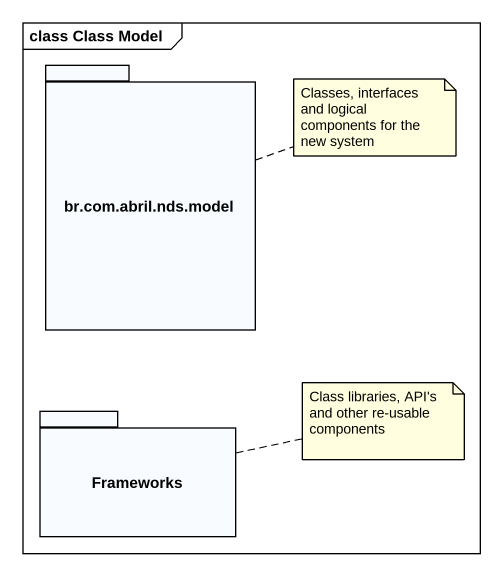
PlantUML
@startuml
mainframe class Class Model
package "br.com.abril.nds.model" as br_com_abril_nds_model {
}
package Frameworks {
}
note right of br_com_abril_nds_model : Classes, interfaces and logical components for the new system
note right of Frameworks : Class libraries, API's and other re-usable components
@enduml
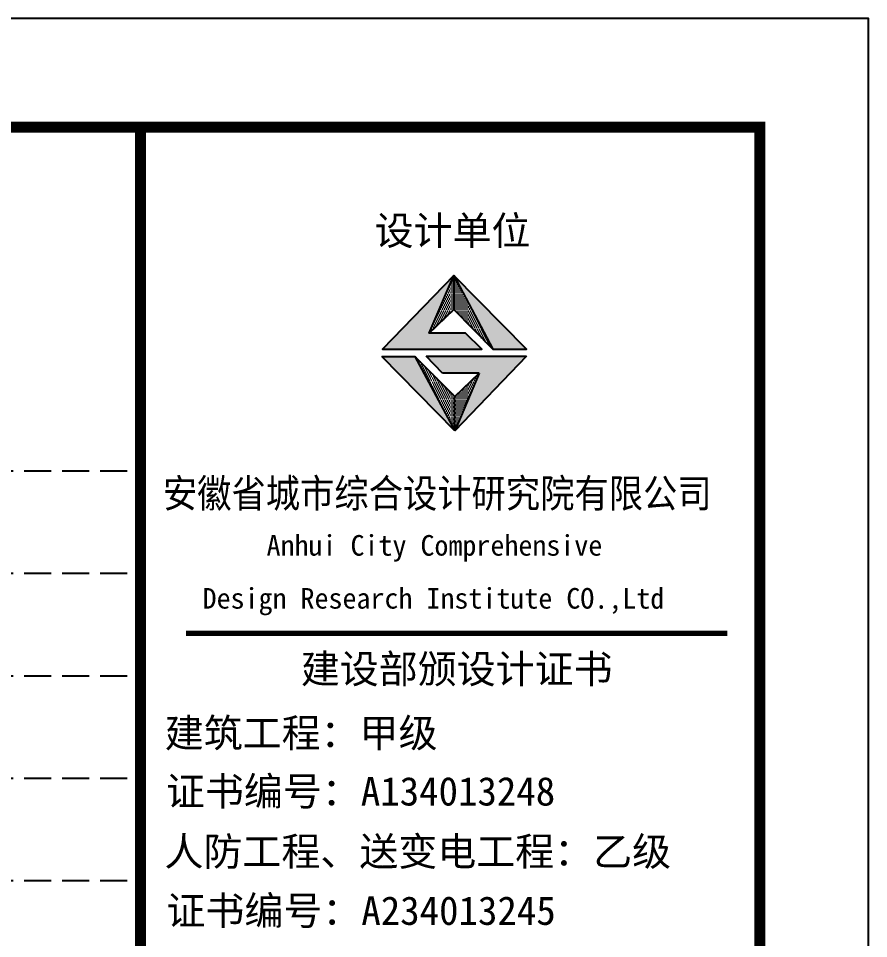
# Model space of a CAD drawing. Extents: x 185245 to 2288779, y -19957 to 815000.
# Drawn here: x 2029474 to 2037298, y 725889 to 734352 of the extents above; entities that cross this region are included whole.
import ezdxf

# ---------------------------------------------------------------- set-up
doc = ezdxf.new("R2010")
doc.units = 0
doc.header["$LTSCALE"] = 1000
doc.header["$MEASUREMENT"] = 0
doc.linetypes.add('DASH', pattern=[0.35, 0.25, -0.1])
for name, color, linetype in [('A_DE_DETAIL_3', 144, 'Continuous'), ('DOTE', 1, 'Continuous'), ('PUB_TEXT', 7, 'Continuous'), ('PUB_TITLE', 4, 'Continuous'), ('图框', 4, 'Continuous')]:
    doc.layers.add(name, color=color, linetype=linetype)
doc.styles.add('黑体', font='simhei.ttf')

msp = doc.modelspace()

# ---------------------------------------------------------------- hatches: boundary and pattern name
for points in [[(2033254.5, 731458.2), (2033482.1, 731986.2), (2032825.7, 731311.6), (2033739.7, 731311.6), (2033588, 731458.2)], [(2033840.7, 731308.8), (2034150.2, 731308.8), (2033482.1, 731986.2)]]:
    msp.add_hatch(color=1).paths.add_polyline_path(points)
at = {"layer": 'A_DE_DETAIL_3'}
for points in [[(2033121.7, 731243.7), (2032818.3, 731243.7), (2033491, 730560.4)], [(2033226.4, 731245.8), (2033375.6, 731089.2), (2033713.6, 731089.2), (2033491, 730560.4), (2034150.6, 731245.8)]]:
    msp.add_hatch(color=1, dxfattribs=at).paths.add_polyline_path(points)
at = {"layer": 'PUB_TEXT'}
h = msp.add_hatch(dxfattribs=at)
h.set_pattern_fill('DOTS', color=256, scale=300, style=0)
h.set_pattern_definition([(0, (-245880.7, 1593036.079), (9.375, 18.75000001), [0, -18.75000001])])
h.paths.add_polyline_path([(2033491, 730560.4), (2033491, 730875.4), (2033121.7, 731243.7)])
h.paths.add_polyline_path([(2033713.6, 731089.2), (2033491, 730875.4), (2033491, 730560.4)])
h.paths.add_polyline_path([(2033482.1, 731986.2), (2033482.1, 731675.7), (2033840.7, 731308.8)])
h.paths.add_polyline_path([(2033482.1, 731675.7), (2033482.1, 731986.2), (2033254.5, 731458.2)])

# ---------------------------------------------------------------- linework, layer by layer
for p, q in [((2033254.5, 731458.2, 0), (2033482.1, 731986.2, 0)), ((2033482.1, 731986.2, 0), (2033840.7, 731308.8, 0)), ((2033491, 730560.4, 0), (2032818.3, 731243.7, 0)), ((2032818.3, 731243.7, 0), (2033121.7, 731243.7, 0)), ((2032818.3, 731243.7, 0), (2033121.7, 731243.7, 0)), ((2033491, 730875.4, 0), (2033121.7, 731243.7, 0)), ((2033226.4, 731245.8, 0), (2034150.6, 731245.8, 0)), ((2033375.6, 731089.2, 0), (2033226.4, 731245.8, 0)), ((2034150.6, 731245.8, 0), (2033491, 730560.4, 0)), ((2033713.6, 731089.2, 0), (2033375.6, 731089.2, 0)), ((2033491, 730875.4, 0), (2033713.6, 731089.2, 0)), ((2033713.6, 731089.2, 0), (2033491, 730560.4, 0)), ((2033491, 730560.4, 0), (2033491, 730875.4, 0)), ((2033491, 730560.4, 0), (2033491, 730875.4, 0))]:
    msp.add_line(p, q)
at = {"elevation": 0}
for points in [[(2033588, 731458.2), (2033254.5, 731458.2), (2033482.1, 731675.7), (2033840.7, 731308.8), (2034150.2, 731308.8), (2033482.1, 731986.2), (2032825.7, 731311.6), (2033739.7, 731311.6), (2033588, 731458.2)], [(2033482.1, 731986.2), (2033482.1, 731675.7)]]:
    msp.add_lwpolyline(points, dxfattribs=at)
at = {"layer": 'A_DE_DETAIL_3', "color": 1}
for p, q in [((2033491, 730560.4, 0), (2032818.3, 731243.7, 0)), ((2033121.7, 731243.7, 0), (2033491, 730560.4, 0))]:
    msp.add_line(p, q, dxfattribs=at)
at = {"layer": 'DOTE', "color": 251, "linetype": 'DASH'}
for p, q in [((1965476.2, 730189.9, 0), (2030598, 730189.9, 0)), ((1965476.2, 729248.3, 0), (2030598, 729248.3, 0)), ((1965476.2, 728306.7, 0), (2030598, 728306.7, 0)), ((1965476.2, 727365, 0), (2030598, 727365, 0)), ((1965476.2, 726423.4, 0), (2030598, 726423.4, 0))]:
    msp.add_line(p, q, dxfattribs=at)
at = {"layer": 'PUB_TITLE', "elevation": 0}
msp.add_lwpolyline([(1962998, 692352.3), (2037298, 692352.3), (2037298, 734352.3), (1962998, 734352.3)], close=True, dxfattribs=at)
at = {"layer": 'PUB_TITLE', "const_width": 100, "elevation": 0}
msp.add_lwpolyline([(1965498, 693352.3), (2036298, 693352.3), (2036298, 733352.3), (1965498, 733352.3)], close=True, dxfattribs=at)
at = {"layer": '图框', "color": 4}
msp.add_line((2030598, 733352.3, 0), (2030598, 693352.3, 0), dxfattribs=at)
at = {"layer": '图框', "color": 4, "elevation": 0}
for points, const_width in [([(2030598, 733352.3), (2030598, 693352.3)], 98.6), ([(2031017.5, 728696.3), (2035997.5, 728696.3)], 49.8)]:
    msp.add_lwpolyline(points, dxfattribs=dict(at, const_width=const_width))
at = {"layer": '图框', "color": 4, "const_width": 98.6, "elevation": 0}
msp.add_lwpolyline([(2030598, 733352.3), (2036298, 733352.3), (2036298, 693352.3), (2030598, 693352.3)], close=True, dxfattribs=at)

# ---------------------------------------------------------------- texts
at = {"layer": '图框', "color": 4, "style": '黑体'}
for s, height, p in [('设计单位', 262.94, (2032751.9, 732269, 0)), ('Anhui City Comprehensive ', 189.24, (2031757.9, 729410.8, 0)), (' Design Research Institute CO.,Ltd', 189.24, (2031040.5, 728923.8, 0)), ('建设部颁设计证书', 262.94, (2032073, 728237.7, 0)), (' 建筑工程：甲级', 262.94, (2030641.7, 727648.4, 0)), ('证书编号：A134013248', 262.944, (2030832, 727112.6, 0)), ('人防工程、送变电工程：乙级', 262.944, (2030818.1, 726558.9, 0)), ('证书编号：A234013245', 262.944, (2030836.7, 726014.8, 0))]:
    msp.add_text(s, height=height, dxfattribs=at).set_placement(p)
at = {"layer": '图框', "color": 4, "style": '黑体', "width": 0.88}
msp.add_text('安徽省城市综合设计研究院有限公司', height=262.944, dxfattribs=at).set_placement((2030803.7, 729852.8, 0))

doc.saveas('drawing.dxf')

──────────

Pull every line containing the string "elevation" out of the data above and copy it.

*Finished exercise*:
at = {"elevation": 0}
at = {"layer": 'PUB_TITLE', "elevation": 0}
at = {"layer": 'PUB_TITLE', "const_width": 100, "elevation": 0}
at = {"layer": '图框', "color": 4, "elevation": 0}
at = {"layer": '图框', "color": 4, "const_width": 98.6, "elevation": 0}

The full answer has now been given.